▶ _Requirement_: All lines from the entries below that contain the string "mechanical" should be copied out.

[Recorded data]
-*-*-

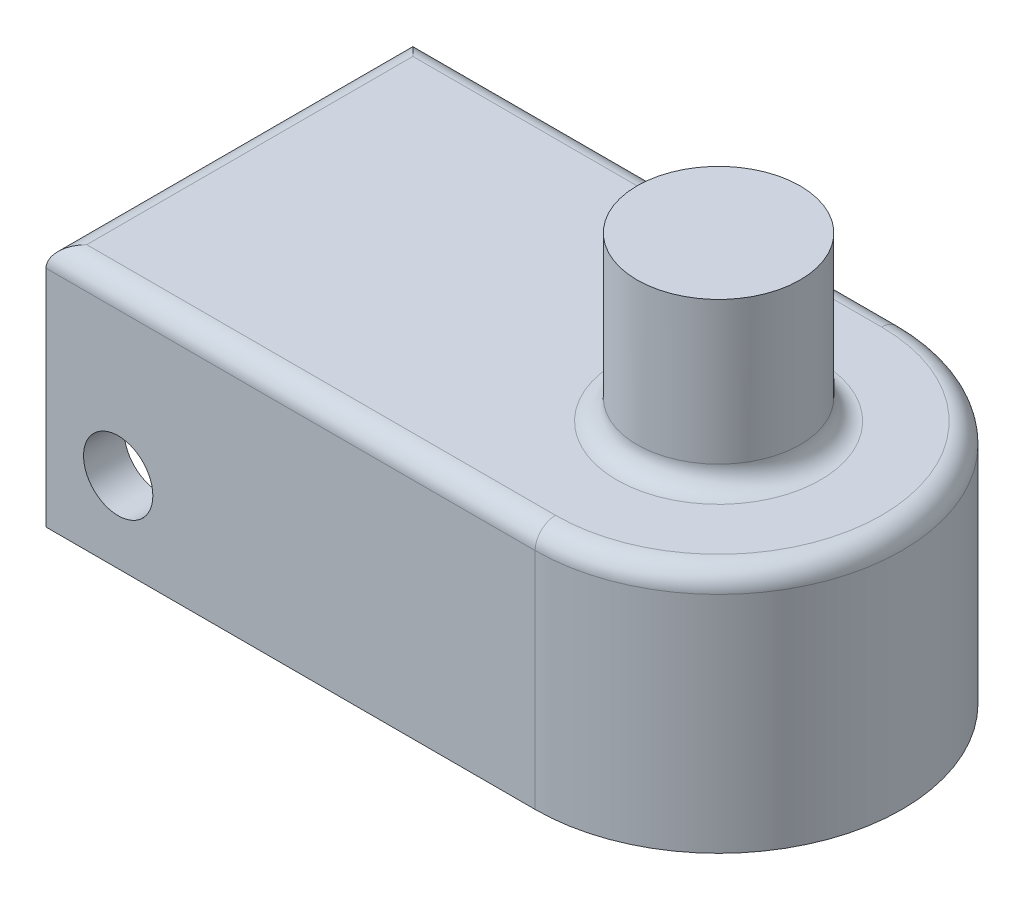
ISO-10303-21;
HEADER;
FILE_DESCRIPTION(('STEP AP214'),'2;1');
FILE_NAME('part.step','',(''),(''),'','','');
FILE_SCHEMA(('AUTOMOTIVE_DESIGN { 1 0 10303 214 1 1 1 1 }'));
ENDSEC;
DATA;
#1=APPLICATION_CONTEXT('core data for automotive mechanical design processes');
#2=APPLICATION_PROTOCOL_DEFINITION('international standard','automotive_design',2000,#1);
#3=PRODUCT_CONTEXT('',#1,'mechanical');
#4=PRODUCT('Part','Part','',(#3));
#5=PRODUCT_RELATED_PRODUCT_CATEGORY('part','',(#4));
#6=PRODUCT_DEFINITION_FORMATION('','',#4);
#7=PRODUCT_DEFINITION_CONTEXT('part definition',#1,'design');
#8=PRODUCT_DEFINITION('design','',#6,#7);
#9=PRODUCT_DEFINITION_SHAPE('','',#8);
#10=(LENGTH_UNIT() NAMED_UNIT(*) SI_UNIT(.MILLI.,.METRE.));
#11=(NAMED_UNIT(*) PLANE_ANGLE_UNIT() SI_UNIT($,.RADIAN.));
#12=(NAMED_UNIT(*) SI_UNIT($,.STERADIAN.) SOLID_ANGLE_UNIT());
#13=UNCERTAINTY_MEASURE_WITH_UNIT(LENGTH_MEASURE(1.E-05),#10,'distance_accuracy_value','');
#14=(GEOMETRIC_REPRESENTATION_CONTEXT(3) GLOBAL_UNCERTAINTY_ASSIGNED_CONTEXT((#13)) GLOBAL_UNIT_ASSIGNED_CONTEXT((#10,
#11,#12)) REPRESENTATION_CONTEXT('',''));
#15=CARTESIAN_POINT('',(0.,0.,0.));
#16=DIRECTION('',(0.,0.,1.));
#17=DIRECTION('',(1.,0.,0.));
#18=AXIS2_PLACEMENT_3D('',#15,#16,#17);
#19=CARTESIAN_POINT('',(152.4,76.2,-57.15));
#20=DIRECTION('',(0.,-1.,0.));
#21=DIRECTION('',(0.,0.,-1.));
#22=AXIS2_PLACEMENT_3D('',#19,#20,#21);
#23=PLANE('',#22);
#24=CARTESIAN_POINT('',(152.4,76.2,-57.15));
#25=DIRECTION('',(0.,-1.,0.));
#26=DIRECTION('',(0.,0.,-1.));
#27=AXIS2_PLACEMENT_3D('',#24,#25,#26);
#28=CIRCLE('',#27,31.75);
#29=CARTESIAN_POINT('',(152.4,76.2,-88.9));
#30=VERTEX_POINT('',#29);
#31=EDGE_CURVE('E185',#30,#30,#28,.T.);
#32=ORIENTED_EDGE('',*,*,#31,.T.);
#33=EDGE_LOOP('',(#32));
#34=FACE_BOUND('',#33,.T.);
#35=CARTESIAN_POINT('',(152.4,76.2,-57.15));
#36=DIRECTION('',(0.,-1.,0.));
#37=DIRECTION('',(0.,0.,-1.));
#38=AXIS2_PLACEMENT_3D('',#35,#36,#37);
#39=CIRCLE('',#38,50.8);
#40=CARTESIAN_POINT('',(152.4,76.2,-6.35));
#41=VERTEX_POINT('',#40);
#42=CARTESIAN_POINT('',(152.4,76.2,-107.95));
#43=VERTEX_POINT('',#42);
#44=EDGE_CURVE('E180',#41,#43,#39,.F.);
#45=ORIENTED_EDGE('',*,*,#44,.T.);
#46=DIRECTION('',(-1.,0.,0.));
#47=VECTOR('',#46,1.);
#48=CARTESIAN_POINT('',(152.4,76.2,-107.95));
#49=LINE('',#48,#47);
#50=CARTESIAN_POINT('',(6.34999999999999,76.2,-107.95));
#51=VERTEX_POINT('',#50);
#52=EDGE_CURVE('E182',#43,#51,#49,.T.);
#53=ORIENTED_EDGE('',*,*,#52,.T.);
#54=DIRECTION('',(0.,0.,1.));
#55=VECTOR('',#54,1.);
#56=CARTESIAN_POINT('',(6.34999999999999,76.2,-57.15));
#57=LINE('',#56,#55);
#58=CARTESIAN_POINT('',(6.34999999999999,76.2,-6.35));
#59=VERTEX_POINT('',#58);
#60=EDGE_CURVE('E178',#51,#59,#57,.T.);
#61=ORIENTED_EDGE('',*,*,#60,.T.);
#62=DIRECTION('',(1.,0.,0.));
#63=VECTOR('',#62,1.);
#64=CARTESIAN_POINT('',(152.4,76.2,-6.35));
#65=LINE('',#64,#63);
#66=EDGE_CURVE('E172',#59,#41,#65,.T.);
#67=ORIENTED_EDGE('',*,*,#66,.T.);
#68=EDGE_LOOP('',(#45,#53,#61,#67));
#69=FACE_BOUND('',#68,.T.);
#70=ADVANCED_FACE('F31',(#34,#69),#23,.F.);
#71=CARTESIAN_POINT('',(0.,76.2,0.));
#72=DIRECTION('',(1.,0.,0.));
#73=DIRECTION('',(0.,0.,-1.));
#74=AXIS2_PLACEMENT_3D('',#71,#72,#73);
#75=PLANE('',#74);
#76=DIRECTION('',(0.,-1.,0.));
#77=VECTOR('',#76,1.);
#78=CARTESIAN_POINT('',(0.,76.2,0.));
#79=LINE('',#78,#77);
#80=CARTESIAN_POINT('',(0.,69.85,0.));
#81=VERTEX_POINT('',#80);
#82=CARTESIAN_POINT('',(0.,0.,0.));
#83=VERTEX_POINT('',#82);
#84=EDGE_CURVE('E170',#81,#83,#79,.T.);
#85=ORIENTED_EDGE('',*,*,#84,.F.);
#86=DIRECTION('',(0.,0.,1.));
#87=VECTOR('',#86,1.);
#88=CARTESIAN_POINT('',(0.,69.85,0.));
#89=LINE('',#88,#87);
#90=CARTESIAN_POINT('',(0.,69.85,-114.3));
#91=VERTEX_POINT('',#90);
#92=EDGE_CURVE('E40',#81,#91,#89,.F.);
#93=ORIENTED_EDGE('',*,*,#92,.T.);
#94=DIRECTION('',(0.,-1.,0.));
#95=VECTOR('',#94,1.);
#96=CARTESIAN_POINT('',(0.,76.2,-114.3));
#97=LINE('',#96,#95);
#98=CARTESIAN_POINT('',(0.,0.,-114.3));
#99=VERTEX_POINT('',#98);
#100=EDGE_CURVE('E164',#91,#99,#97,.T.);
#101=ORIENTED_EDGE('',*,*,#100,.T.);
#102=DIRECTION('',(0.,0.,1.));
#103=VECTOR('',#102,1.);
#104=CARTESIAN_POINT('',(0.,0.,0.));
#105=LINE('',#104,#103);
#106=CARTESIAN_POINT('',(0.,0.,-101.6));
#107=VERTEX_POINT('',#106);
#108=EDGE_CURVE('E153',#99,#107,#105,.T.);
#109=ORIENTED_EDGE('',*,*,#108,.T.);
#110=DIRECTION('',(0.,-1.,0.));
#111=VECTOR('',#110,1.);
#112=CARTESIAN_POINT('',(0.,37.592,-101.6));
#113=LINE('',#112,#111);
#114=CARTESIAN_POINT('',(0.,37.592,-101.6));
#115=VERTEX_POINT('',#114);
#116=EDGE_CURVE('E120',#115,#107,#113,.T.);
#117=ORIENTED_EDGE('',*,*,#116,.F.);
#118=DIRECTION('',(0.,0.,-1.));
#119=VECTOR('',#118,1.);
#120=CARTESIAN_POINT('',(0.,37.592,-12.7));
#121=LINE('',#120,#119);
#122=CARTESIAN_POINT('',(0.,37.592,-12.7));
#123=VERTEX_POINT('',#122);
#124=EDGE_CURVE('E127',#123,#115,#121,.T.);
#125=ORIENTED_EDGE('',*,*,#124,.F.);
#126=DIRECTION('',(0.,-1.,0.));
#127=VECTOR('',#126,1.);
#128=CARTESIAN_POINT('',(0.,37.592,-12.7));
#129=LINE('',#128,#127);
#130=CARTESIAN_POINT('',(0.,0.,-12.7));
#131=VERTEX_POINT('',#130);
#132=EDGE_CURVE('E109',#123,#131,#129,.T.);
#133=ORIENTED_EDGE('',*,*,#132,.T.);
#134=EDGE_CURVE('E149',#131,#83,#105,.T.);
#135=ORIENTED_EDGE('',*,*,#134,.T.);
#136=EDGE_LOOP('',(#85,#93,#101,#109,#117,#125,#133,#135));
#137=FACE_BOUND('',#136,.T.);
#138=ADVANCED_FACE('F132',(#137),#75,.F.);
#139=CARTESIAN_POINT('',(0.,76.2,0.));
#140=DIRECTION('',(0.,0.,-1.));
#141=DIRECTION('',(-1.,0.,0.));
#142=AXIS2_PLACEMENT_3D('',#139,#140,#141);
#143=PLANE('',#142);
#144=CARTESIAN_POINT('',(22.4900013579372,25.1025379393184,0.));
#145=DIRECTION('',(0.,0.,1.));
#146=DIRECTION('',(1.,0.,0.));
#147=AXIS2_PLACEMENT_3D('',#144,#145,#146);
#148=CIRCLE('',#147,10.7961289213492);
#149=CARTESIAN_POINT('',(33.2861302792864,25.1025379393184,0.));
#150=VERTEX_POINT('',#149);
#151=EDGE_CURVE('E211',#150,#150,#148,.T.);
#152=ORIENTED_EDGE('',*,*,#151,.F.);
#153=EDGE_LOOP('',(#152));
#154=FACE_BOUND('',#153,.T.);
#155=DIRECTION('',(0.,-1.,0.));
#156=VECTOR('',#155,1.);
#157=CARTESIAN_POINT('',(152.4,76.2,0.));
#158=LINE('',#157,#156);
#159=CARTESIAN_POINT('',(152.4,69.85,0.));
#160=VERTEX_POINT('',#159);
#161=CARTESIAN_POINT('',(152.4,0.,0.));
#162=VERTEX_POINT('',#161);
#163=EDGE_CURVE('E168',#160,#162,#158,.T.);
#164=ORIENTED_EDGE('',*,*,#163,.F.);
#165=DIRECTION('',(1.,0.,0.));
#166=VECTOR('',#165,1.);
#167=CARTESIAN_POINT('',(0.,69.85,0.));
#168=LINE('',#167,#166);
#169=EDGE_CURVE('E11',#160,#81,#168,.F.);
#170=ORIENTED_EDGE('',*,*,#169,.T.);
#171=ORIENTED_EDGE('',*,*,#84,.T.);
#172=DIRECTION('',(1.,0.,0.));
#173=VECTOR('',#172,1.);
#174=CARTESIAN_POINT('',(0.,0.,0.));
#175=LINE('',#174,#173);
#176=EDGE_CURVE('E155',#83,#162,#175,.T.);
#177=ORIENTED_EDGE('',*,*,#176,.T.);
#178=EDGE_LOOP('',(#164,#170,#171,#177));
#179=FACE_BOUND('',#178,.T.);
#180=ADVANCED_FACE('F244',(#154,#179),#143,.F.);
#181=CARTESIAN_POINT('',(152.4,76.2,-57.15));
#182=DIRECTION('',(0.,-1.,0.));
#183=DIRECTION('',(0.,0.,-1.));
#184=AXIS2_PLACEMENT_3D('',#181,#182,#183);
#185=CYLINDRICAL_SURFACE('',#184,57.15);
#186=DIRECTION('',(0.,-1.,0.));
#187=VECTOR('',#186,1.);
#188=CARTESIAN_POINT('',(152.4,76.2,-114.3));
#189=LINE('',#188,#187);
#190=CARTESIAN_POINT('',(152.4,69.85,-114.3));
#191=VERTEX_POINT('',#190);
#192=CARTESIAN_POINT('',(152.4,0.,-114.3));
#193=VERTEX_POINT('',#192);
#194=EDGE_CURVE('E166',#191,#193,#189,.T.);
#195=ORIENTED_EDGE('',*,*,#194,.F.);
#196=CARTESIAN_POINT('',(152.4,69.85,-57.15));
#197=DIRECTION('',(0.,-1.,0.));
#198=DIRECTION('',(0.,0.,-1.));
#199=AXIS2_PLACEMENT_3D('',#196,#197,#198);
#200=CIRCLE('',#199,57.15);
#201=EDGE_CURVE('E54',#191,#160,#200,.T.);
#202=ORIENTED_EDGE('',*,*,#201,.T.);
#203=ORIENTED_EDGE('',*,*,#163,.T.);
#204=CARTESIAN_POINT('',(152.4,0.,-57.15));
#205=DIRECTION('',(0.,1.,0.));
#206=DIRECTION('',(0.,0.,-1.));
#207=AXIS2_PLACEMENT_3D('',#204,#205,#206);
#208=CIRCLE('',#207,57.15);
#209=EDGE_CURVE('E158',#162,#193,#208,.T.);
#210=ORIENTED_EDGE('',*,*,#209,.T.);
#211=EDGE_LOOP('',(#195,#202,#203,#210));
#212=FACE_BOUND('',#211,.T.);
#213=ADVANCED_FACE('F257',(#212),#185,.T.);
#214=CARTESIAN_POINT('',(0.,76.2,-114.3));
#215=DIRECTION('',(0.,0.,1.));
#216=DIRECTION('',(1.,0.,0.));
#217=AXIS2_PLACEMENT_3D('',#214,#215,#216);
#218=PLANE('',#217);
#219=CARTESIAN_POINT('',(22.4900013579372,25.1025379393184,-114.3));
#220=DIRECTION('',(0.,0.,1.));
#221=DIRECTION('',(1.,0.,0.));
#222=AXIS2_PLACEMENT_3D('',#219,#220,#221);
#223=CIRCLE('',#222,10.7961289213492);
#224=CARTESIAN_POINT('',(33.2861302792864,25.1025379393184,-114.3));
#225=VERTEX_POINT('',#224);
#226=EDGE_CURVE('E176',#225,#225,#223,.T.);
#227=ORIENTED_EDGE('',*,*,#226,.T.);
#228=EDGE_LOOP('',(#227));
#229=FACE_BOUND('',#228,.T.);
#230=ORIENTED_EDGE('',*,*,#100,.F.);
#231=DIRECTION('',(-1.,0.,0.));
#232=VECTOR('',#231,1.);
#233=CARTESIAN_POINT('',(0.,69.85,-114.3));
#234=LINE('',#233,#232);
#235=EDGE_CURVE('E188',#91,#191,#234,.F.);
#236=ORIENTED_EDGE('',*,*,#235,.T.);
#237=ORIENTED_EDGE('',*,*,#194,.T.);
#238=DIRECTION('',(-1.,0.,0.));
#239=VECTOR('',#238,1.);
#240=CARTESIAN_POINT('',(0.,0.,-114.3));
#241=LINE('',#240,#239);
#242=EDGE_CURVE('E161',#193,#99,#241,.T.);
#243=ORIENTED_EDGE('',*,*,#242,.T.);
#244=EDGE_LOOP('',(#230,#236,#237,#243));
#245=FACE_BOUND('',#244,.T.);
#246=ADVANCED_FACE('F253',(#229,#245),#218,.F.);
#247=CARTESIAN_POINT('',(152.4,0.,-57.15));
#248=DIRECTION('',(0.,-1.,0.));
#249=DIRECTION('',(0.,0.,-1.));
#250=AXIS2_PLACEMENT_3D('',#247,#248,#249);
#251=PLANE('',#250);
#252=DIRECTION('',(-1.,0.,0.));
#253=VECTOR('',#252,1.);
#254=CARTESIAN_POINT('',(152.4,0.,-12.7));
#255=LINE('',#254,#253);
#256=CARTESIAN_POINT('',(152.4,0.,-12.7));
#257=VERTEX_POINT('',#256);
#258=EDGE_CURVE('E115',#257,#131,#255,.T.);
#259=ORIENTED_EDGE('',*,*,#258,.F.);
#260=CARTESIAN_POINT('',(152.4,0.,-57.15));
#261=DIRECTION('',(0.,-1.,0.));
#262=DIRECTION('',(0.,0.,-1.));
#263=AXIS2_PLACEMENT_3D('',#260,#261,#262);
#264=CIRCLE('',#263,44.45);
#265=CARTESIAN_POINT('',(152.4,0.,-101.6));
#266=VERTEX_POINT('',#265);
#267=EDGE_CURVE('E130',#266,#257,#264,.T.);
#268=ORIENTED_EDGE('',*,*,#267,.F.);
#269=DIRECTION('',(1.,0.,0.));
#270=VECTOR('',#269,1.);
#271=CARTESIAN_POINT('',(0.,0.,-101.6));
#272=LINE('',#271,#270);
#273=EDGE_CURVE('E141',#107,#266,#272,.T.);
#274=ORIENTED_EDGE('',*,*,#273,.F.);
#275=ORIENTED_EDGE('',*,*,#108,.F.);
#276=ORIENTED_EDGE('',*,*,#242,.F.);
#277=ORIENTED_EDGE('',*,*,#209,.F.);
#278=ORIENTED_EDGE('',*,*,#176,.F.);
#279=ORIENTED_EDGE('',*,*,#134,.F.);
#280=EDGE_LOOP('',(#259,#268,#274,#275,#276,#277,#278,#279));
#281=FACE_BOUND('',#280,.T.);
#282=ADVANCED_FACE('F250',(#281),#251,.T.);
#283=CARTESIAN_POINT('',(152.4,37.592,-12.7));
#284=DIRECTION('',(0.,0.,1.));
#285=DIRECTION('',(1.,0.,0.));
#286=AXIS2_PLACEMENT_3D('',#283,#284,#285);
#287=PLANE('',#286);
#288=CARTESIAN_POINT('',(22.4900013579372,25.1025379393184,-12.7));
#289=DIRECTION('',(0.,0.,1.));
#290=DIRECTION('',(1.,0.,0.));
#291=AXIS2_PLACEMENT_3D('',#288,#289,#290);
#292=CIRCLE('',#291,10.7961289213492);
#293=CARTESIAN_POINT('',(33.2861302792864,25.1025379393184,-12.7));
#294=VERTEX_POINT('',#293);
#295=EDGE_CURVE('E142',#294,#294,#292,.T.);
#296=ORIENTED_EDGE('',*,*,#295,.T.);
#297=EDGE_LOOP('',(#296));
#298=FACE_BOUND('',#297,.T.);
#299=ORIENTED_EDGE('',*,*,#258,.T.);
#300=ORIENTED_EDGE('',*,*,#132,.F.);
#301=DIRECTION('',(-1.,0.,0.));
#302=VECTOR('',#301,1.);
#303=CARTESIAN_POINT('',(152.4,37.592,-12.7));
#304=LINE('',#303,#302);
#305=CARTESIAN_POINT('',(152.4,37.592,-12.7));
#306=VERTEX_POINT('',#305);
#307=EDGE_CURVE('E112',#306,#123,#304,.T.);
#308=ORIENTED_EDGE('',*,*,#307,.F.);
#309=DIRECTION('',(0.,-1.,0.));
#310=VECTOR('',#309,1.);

-*-*-

▶ _Solved problem_:
#1=APPLICATION_CONTEXT('core data for automotive mechanical design processes');
#3=PRODUCT_CONTEXT('',#1,'mechanical');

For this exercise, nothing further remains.